• **TASK PROMPT**
Your result will be the set of lines with "distance", copied from the material below.

• **WORKING DATA**
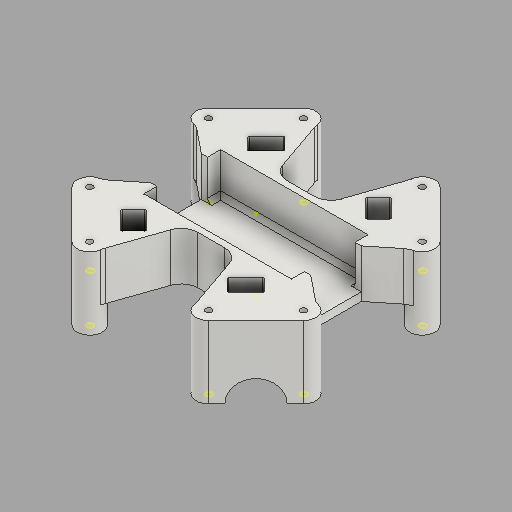
# Autodesk Inventor part: motor_converter
Saved by Autodesk Inventor 2023 (Build 270158000, 158)
## iProperties
Created: 2024-10-30
Part Number: motor_converter
Material: Полиэтилен, низкая плотность
Document SubType Name: Modeling
Designer: Ivan
Density: 0.894 g/cm^3
Appearance: Сталь
Mass: 114.342 g
Surface Area: 371.209 cm^2
Volume: 127.899 cm^3
Author: Ivan
Autodesk Inventor part; units mm, degrees
ref_plane "YZ Plane" through (0, 0, 0) normal (1, 0, 0) x (0, 1, 0)
ref_plane "XZ Plane" through (0, 0, 0) normal (0, 1, 0) x (-1, 0, 0)
ref_plane "XY Plane" through (0, 0, 0) normal (0, 0, 1) x (1, 0, 0)
derived "floor_v2.ipt"
sketch "Эскиз3" plane through (0, 2, 0) normal (0, -1, 0) x (-1, 0, 0)
  line L0 (33.8509, 77.6915) -> (77.6915, 33.8509) construction
  line L1 (55.7712, 55.7712) -> (0, 0) construction
  line L2 (44.4575, 67.0849) -> (67.0849, 44.4575) construction
  circle A0 centre (44.4575, 67.0849) radius 1.5
  circle A1 centre (67.0849, 44.4575) radius 1.5
  line L3 (28.3991, 51.0265) -> (51.0265, 28.3991) construction
  circle A2 centre (28.3991, 51.0265) radius 1.5
  circle A3 centre (51.0265, 28.3991) radius 1.5
  line L4 (44.4575, -67.0849) -> (67.0849, -44.4575) construction
  line L5 (28.3991, -51.0265) -> (51.0265, -28.3991) construction
  line L6 (55.7712, -55.7712) -> (0, 0) construction
  line L7 (-55.7712, -55.7712) -> (0, 0) construction
  line L8 (-28.3991, -51.0265) -> (-51.0265, -28.3991) construction
  line L9 (-44.4575, -67.0849) -> (-67.0849, -44.4575) construction
  line L10 (-55.7712, 55.7712) -> (0, 0) construction
  line L11 (-51.0265, 28.3991) -> (-28.3991, 51.0265) construction
  line L12 (-67.0849, 44.4575) -> (-44.4575, 67.0849) construction
  circle A4 centre (-44.4575, 67.0849) radius 1.5
  circle A5 centre (-67.0849, 44.4575) radius 1.5
  circle A6 centre (-28.3991, 51.0265) radius 1.5
  circle A7 centre (-51.0265, 28.3991) radius 1.5
  circle A8 centre (-44.4575, -67.0849) radius 1.5
  circle A9 centre (-67.0849, -44.4575) radius 1.5
  circle A10 centre (-51.0265, -28.3991) radius 1.5
  circle A11 centre (-28.3991, -51.0265) radius 1.5
  circle A12 centre (44.4575, -67.0849) radius 1.5
  circle A13 centre (28.3991, -51.0265) radius 1.5
  circle A14 centre (51.0265, -28.3991) radius 1.5
  circle A15 centre (67.0849, -44.4575) radius 1.5
  line L13 (-38.4471, -82.2877) -> (-82.2877, -38.4471)
  line L14 (82.2877, -38.4471) -> (38.4471, -82.2877)
  line L15 (38.4471, 82.2877) -> (82.2877, 38.4471)
  line L16 (-82.2877, 38.4471) -> (-38.4471, 82.2877)
  line L17 (82.2877, 38.4471) -> (92.1165, 48.2758)
  point P0 (39.7128, 39.7128)
  point P1 (-39.7128, -39.7128)
  point P2 (39.7128, -39.7128)
  point P3 (-39.7128, 39.7128)
  point P4 (-40.1306, -40.1306)
sketch "Эскиз6" plane through (0, 0, 0) normal (0, 1, 0) x (-1, 0, 0)
  circle A0 centre (28.3991, 51.0265) radius 1.5 projected
  circle A1 centre (51.0265, 28.3991) radius 1.5 projected
  line L0 (28.3991, -51.0265) -> (51.0265, -28.3991) construction
  circle A2 centre (28.3991, -51.0265) radius 1.5 projected
  circle A3 centre (-28.3991, -51.0265) radius 1.5 projected
  circle A4 centre (-51.0265, -28.3991) radius 1.5 projected
  circle A5 centre (-51.0265, 28.3991) radius 1.5 projected
  circle A6 centre (-28.3991, 51.0265) radius 1.5 projected
  circle A7 centre (51.0265, 28.3991) radius 6
  circle A8 centre (28.3991, 51.0265) radius 6
  circle A9 centre (51.0265, -28.3991) radius 6
  circle A10 centre (28.3991, -51.0265) radius 6
  circle A11 centre (-28.3991, -51.0265) radius 6
  circle A12 centre (-51.0265, -28.3991) radius 6
  circle A13 centre (-51.0265, 28.3991) radius 6
  circle A14 centre (-28.3991, 51.0265) radius 6
  line L1 (55.2691, 32.6417) -> (46.7838, 24.1564) construction
  line L2 (28.3991, 51.0265) -> (51.0265, 28.3991) construction
  line L3 (32.6417, 55.2691) -> (24.1564, 46.7838) construction
  line L4 (-28.3991, 51.0265) -> (-51.0265, 28.3991) construction
  line L5 (-51.0265, -28.3991) -> (-28.3991, -51.0265) construction
  line L6 (-32.6417, 55.2691) -> (-24.1564, 46.7838) construction
  line L7 (-55.2691, 32.6417) -> (-46.7838, 24.1564) construction
  line L8 (-46.7838, -24.1564) -> (-55.2691, -32.6417) construction
  line L9 (-24.1564, -46.7838) -> (-32.6417, -55.2691) construction
  line L10 (24.1564, -46.7838) -> (32.6417, -55.2691) construction
  line L11 (46.7838, -24.1564) -> (55.2691, -32.6417) construction
  line L12 (32.6417, 55.2691) -> (55.2691, 32.6417)
  line L13 (46.7838, 24.1564) -> (24.1564, 46.7838)
  line L14 (55.2691, -32.6417) -> (32.6417, -55.2691)
  line L15 (24.1564, -46.7838) -> (46.7838, -24.1564)
  line L16 (-24.1564, -46.7838) -> (-46.7838, -24.1564)
  line L17 (-55.2691, -32.6417) -> (-32.6417, -55.2691)
  line L18 (-24.1564, 46.7838) -> (-46.7838, 24.1564)
  line L19 (-55.2691, 32.6417) -> (-32.6417, 55.2691)
  circle A15 centre (51.0265, -28.3991) radius 1.5 projected
  point P0 (0, 0)
  point P1 (-32.6417, -55.2691)
  dimension "d19" = 12
  constraints: 32 end point, 16 point on circle, 15 coincident, 11 perpendicular, 8 midpoint, 7 centre point, 6 equal radius, 4 parallel, 3 tangent, 1 point on line, 4 other
  measures "d19" diameter of A7
extrude "Выдавливание2" add sketch "Эскиз6" against normal blind 34.5 contours A0 | A1 | A2 | A3 | A4 | A5 | A6 | A7 | A7 L13 A8 L12 | A8 | A9 | A9 L14 A10 L15 | A10 | A11 | A11 L17 A12 L16 | A12 | A13 | A13 L19 A14 L18 | A14 | A15
sketch "Эскиз7" plane through (32.6417, -34.5, 55.2691) normal (0.7071068, 0, 0.7071068) x (0.7071068, 0, -0.7071068)
  line L0 (32, 0) -> (0, 0) projected
  line L1 (32, 0) -> (0, 0) projected
  circle A0 centre (16, 0) radius 10.5
  point P0 (16, 34.5)
  point P1 (5.5, 0)
  point P2 (26.5, 0)
  dimension "d23" = 21
  constraints: 1 centre point, 1 midpoint
  measures "d23" diameter of A0
extrude "Выдавливание3" cut sketch "Эскиз7" against normal through all contours L0 A0 picked at (17.9882, 2.8804)
mirror "Зеркальное отражение1" about plane through (0, 0, 0) normal (0, 0, 1) of "Выдавливание3"
sketch "Эскиз8" plane through (0, 0, 0) normal (0, 1, 0) x (1, 0, 0)
  point P0 (0, 0)
sketch "Эскиз9" plane through (0, -34.5, 0) normal (0, -1, 0) x (1, 0, 0)
  circle A0 centre (-28.3991, 51.0265) radius 1.5 projected
  circle A1 centre (-51.0265, 28.3991) radius 1.5 projected
  circle A2 centre (28.3991, 51.0265) radius 1.5 projected
  circle A3 centre (51.0265, 28.3991) radius 1.5 projected
  circle A4 centre (51.0265, -28.3991) radius 1.5 projected
  circle A5 centre (28.3991, -51.0265) radius 1.5 projected
  circle A6 centre (-28.3991, -51.0265) radius 1.5 projected
  circle A7 centre (-51.0265, -28.3991) radius 1.5 projected
  point P0 (0, 0)
extrude "Выдавливание4" cut sketch "Эскиз3" along normal blind 9 contours A2 | A3 | A6 | A7 | A10 | A11 | A13 | A14
extrude "Выдавливание5" cut sketch "Эскиз9" against normal blind 7
sketch "Эскиз10" plane through (0, 0, 0) normal (0, 1, 0) x (1, 0, 0)
  line L0 (-35.225, -18.325) -> (-35.225, 18.325)
  line L1 (-35.225, 18.325) -> (35.225, 18.325)
  line L2 (35.225, 18.325) -> (35.225, -18.325)
  line L3 (35.225, -18.325) -> (-35.225, -18.325)
  circle A0 centre (-51.0265, 28.3991) radius 1.5 projected
  circle A1 centre (-51.0265, -28.3991) radius 1.5 projected
  circle A2 centre (-51.0265, 28.3991) radius 1.5 projected
  line L4 (-51.0265, 28.3991) -> (-51.0265, -28.3991) construction
  line L5 (-35.225, 18.325) -> (35.225, -18.325) construction
  line L6 (-38.225, 21.325) -> (38.225, 21.325)
  line L7 (38.225, 21.325) -> (38.225, -21.325)
  line L8 (38.225, -21.325) -> (-38.225, -21.325)
  line L9 (-38.225, -21.325) -> (-38.225, 21.325)
  line L10 (-38.225, 21.325) -> (38.225, -21.325) construction
  line L11 (-31, 15.1) -> (31, 15.1) construction
  line L12 (0, 0) -> (0, 15.1) construction
  circle A3 centre (-31, 15.1) radius 1.65
  circle A4 centre (31, 15.1) radius 1.65
  line L13 (-35.225, 0) -> (35.225, 0) construction
  circle A5 centre (-31, -15.1) radius 1.65
  circle A6 centre (31, -15.1) radius 1.65
  line L14 (-38.225, 12.1) -> (-35.225, 12.1)
  line L15 (-38.225, -12.1) -> (-35.225, -12.1)
  line L16 (38.225, 12.1) -> (35.225, 12.1)
  line L17 (38.225, -12.1) -> (35.225, -12.1)
  arc A7 (-24.1564, 46.7838) -> (-32.6417, 55.2691) centre (-28.3991, 51.0265) ccw projected
  arc A8 (-55.2691, 32.6417) -> (-46.7838, 24.1564) centre (-51.0265, 28.3991) ccw projected
  arc A9 (-46.7838, -24.1564) -> (-55.2691, -32.6417) centre (-51.0265, -28.3991) ccw projected
  arc A10 (-32.6417, -55.2691) -> (-24.1564, -46.7838) centre (-28.3991, -51.0265) ccw projected
  arc A11 (24.1564, -46.7838) -> (32.6417, -55.2691) centre (28.3991, -51.0265) ccw projected
  arc A12 (55.2691, -32.6417) -> (46.7838, -24.1564) centre (51.0265, -28.3991) ccw projected
  arc A13 (46.7838, 24.1564) -> (55.2691, 32.6417) centre (51.0265, 28.3991) ccw projected
  arc A14 (32.6417, 55.2691) -> (24.1564, 46.7838) centre (28.3991, 51.0265) ccw projected
  circle A15 centre (-28.3991, 51.0265) radius 1.5 projected
  line L18 (-28.3991, 51.0265) -> (-24.1564, 55.2691) construction
  line L19 (-28.3991, 51.0265) -> (-24.1564, 46.7838) construction
  arc A16 (-24.1564, 46.7838) -> (-32.6417, 55.2691) centre (-28.3991, 51.0265) ccw projected
  line L20 (-24.1564, 55.2691) -> (-24.1564, 46.7838) construction
  line L21 (-28.3991, 51.0265) -> (-22.3991, 51.0265)
  arc A17 (-22.3991, 51.0265) -> (0, 21.325) centre (3.3903, 47.1785) ccw
  arc A18 (-55.2691, 24.1564) -> (-38.225, 12.1) centre (-33.0894, 37.436) ccw
  line L22 (-46.7838, 24.1564) -> (-24.1564, 46.7838) projected
  point P0 (-24.1564, 51.0265)
  dimension "d31" = 70.45
  dimension "d32" = 36.65
  dimension "d33" = 76.45
  dimension "d34" = 42.65
  dimension "d35" = 3.225
  dimension "d36" = 4.225
  dimension "d37" = 3.3
  dimension "d38" = 3
  constraints: 44 end point, 8 point on circle, 8 symmetric about line, 7 midpoint, 6 centre point, 5 perpendicular, 4 parallel, 3 coincident, 3 point on line, 3 vertical, 2 horizontal, 1 equal radius, 2 other
  measures "d31" distance of L0.end L1.end
  measures "d32" distance of L1.end L2.end
  measures "d33" distance of L6.start L6.end
  measures "d34" distance of L6.end L7.end
  measures "d35" distance from line of L1 L12.end
  measures "d36" distance from line of L0 L11.start
  measures "d37" diameter of A3
  measures "d38" distance from line of L11 L14.end
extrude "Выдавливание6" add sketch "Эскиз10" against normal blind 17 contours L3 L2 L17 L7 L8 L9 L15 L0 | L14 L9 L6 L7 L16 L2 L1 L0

• **ANSWER SECTION**
  measures "d31" distance of L0.end L1.end
  measures "d32" distance of L1.end L2.end
  measures "d33" distance of L6.start L6.end
  measures "d34" distance of L6.end L7.end
  measures "d35" distance from line of L1 L12.end
  measures "d36" distance from line of L0 L11.start
  measures "d38" distance from line of L11 L14.end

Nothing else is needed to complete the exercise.